The proliferation of data accessibility has exacerbated the risk of shallowness in information analysis, making it increasingly difficult to tell when analysis is sufficient for making decisions or changing plans, even as it becomes increasingly easy to find seemingly relevant data.
I also agree with John P. A. Ioannidis, who in a wide-ranging study of medical journals found that Most Published Research Findings Are False. To my mind when the methodologies underlying AGW are scrutinized, the findings seem to match the prevailing bias. To make matters worse, in most cases, the response of the scientific community has been to carefully ignore, dissemble, or ad hom dissenters, instead of initiating vigorous programs to improve rigor in problem areas.

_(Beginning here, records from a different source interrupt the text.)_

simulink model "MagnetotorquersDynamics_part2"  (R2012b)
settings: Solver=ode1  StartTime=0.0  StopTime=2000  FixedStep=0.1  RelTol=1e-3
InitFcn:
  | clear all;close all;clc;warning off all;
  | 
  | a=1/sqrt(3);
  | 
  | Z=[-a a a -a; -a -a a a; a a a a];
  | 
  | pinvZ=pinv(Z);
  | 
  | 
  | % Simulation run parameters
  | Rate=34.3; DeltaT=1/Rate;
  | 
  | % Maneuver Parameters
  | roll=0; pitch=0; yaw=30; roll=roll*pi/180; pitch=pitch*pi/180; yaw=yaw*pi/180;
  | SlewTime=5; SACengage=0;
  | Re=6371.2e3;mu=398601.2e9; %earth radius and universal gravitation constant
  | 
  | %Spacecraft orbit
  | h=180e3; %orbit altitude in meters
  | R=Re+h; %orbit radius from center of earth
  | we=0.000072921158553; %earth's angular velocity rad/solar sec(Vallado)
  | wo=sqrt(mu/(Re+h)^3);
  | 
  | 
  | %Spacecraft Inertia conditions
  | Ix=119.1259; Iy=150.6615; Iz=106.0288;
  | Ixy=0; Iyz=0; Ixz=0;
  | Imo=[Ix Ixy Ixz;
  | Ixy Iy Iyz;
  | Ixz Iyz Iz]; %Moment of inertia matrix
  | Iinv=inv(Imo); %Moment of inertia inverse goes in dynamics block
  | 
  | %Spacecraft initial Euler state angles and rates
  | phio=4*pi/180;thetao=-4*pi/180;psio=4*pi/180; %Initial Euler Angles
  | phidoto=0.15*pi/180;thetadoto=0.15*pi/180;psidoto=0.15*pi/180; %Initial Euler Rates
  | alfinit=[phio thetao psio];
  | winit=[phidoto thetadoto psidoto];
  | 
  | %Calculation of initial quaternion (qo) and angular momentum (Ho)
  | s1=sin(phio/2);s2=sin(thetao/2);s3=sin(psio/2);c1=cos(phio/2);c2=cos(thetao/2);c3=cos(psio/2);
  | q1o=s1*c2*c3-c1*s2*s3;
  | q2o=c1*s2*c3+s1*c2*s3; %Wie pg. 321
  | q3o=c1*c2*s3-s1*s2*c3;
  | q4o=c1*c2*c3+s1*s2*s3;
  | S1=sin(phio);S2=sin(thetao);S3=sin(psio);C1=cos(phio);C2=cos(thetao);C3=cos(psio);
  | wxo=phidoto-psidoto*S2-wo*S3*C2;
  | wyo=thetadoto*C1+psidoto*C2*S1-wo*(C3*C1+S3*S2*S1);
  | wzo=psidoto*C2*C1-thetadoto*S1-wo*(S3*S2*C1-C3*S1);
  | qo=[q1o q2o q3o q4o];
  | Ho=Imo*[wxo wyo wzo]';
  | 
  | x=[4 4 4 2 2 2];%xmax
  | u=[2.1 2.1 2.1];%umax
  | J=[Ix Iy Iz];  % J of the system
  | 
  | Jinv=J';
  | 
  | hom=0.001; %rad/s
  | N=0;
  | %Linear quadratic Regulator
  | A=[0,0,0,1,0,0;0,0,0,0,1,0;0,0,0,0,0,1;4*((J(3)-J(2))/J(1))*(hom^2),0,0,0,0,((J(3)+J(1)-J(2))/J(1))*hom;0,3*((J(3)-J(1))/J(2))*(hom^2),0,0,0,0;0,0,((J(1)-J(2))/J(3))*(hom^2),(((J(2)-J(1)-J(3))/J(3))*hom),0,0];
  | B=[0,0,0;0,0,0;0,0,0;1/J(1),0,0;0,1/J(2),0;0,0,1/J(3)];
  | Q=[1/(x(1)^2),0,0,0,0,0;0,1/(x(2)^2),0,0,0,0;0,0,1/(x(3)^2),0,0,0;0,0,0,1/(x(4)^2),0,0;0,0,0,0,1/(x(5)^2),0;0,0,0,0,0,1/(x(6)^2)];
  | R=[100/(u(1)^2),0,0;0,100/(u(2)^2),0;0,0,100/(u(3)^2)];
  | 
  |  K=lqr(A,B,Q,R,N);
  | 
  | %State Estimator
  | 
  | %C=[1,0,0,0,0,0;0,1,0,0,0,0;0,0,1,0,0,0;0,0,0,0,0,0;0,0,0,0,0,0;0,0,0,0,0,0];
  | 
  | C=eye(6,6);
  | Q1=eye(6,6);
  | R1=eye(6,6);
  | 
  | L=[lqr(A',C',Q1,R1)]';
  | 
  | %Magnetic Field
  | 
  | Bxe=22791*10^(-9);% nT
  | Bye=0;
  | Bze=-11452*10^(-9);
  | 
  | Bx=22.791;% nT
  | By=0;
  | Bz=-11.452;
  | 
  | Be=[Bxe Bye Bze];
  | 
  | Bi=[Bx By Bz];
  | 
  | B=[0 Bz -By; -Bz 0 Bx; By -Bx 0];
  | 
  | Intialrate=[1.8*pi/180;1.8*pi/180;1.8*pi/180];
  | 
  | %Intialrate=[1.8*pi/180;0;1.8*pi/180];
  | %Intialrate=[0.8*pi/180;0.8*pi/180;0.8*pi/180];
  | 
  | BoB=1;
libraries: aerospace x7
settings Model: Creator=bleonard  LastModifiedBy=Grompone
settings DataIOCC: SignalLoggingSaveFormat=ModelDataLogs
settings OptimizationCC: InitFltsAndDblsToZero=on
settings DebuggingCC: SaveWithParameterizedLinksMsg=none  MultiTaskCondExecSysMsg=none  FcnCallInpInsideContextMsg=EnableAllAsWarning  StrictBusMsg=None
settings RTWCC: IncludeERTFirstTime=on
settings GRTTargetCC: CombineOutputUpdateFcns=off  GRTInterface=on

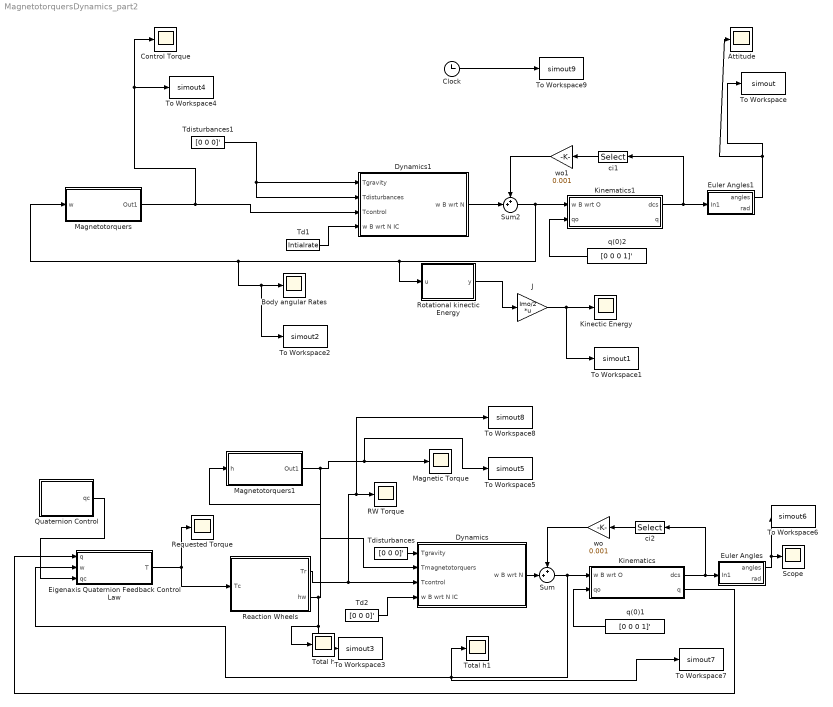
== system MagnetotorquersDynamics_part2 ==
  Attitude : Scope
      settings: YMin=-200  YMax=200  SaveName=ScopeData2
  Body angular Rates : Scope
      settings: YMin=-0.04  YMax=0.05  SaveName=ScopeData7
  Clock : Clock
  Control Torque : Scope
      settings: YMin=-1e-06  YMax=1.75e-06  SaveName=ScopeData5
  Dynamics : Subsystem
  Dynamics1 : Subsystem
  Eigenaxis Quaternion Feedback Control Law : Subsystem
  Euler Angles : Subsystem
  Euler Angles1 : Subsystem
  J : Gain  Gain=Imo/2  Multiplication=Matrix(K*u)  SaturateOnIntegerOverflow=on  OutDataTypeStr=Inherit: Same as input  ParamDataTypeStr=Inherit: Same as input
  Kinectic Energy : Scope
      settings: ShowLegends=on  YMin=-200  YMax=200  SaveName=ScopeData12
  Kinematics : Subsystem
  Kinematics1 : Subsystem
  Magnetic Torque : Scope
      settings: YMin=-7e-09  YMax=8e-09  SaveName=ScopeData15
  Magnetotorquers : Subsystem
  Magnetotorquers1 : Subsystem
  Quaternion Control : MATLAB Function  TreatAsAtomicUnit=on
  RW Torque : Scope
      settings: SaveName=ScopeData10
  Reaction Wheels : Subsystem
  Requested Torque : Scope
  Rotational kinectic Energy : MATLAB Function  TreatAsAtomicUnit=on
  Scope : Scope
      settings: YMin=-200  YMax=200
  Sum : Sum  Inputs=++|
  Sum2 : Sum  Inputs=++|
  Td1 : Constant  Value=Intialrate
  Td2 : Constant  Value=[0 0 0]'
  Tdisturbances : Constant  Value=[0 0 0]'
  Tdisturbances1 : Constant  Value=[0 0 0]'
  To Workspace : ToWorkspace  VariableName=simout  SampleTime=-1  SaveFormat=Timeseries
  To Workspace1 : ToWorkspace  VariableName=simout1  SampleTime=-1  SaveFormat=Timeseries
  To Workspace2 : ToWorkspace  VariableName=simout2  SampleTime=-1  SaveFormat=Timeseries
  To Workspace3 : ToWorkspace  VariableName=simout3  SampleTime=-1  SaveFormat=Timeseries
  To Workspace4 : ToWorkspace  VariableName=simout4  SampleTime=-1  SaveFormat=Timeseries
  To Workspace5 : ToWorkspace  VariableName=simout5  SampleTime=-1  SaveFormat=Timeseries
  To Workspace6 : ToWorkspace  VariableName=simout6  SampleTime=-1  SaveFormat=Timeseries
  To Workspace7 : ToWorkspace  VariableName=simout7  SampleTime=-1  SaveFormat=Timeseries
  To Workspace8 : ToWorkspace  VariableName=simout8  SampleTime=-1  SaveFormat=Timeseries
  To Workspace9 : ToWorkspace  VariableName=simout9  SampleTime=-1  SaveFormat=Timeseries
  Total h : Scope
      settings: YMin=-7e-09  YMax=8e-09  SaveName=ScopeData16
  Total h1 : Scope
      settings: YMin=-7e-09  YMax=8e-09  SaveName=ScopeData3
  ci1 : Selector  InputPortWidth=9  IndexOptions=Index vector (dialog)  Indices=[4 5 6]  OutputSizes=1
  ci2 : Selector  InputPortWidth=9  IndexOptions=Index vector (dialog)  Indices=[4 5 6]  OutputSizes=1
  q(0)1 : Constant  Value=[0 0 0 1]'
  q(0)2 : Constant  Value=[0 0 0 1]'
  wo : Gain  Gain=0.001
  wo1 : Gain  Gain=0.001
  wires:
  Sum/1 -> Total h1/1, To Workspace7/1, Eigenaxis Quaternion Feedback Control Law/2(w), Kinematics/1(w B wrt O)
  Kinematics/1(dcs) -> ci2/1, Euler Angles/1(In1)
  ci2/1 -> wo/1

We need to adopt more practices from clinical research, such as the structured review, whereby the basis for evaluating evidence for or against an issue is well defined. In this view, the IPCC is simply a review of the literature, one among reviews by competing groups (such as NIPCC REPORT 2008 Nature, Not Human Activity, Rules the Climate). In other words, stop pretending scientists are unbiased, but put systems in place to help prevent ‘group-think’ and promote more vigorous testing of models against reality.
If the very slow, to no rate of increase in global temperature continues, we will be treated to the spectacle of otherwise competent researchers clinging to extreme AGW, while the public become more cynical and disinterested. This would have been avoided if they had been confronted with “Are these models validated? If they are, by all means make your forecasts, if not, don’t.”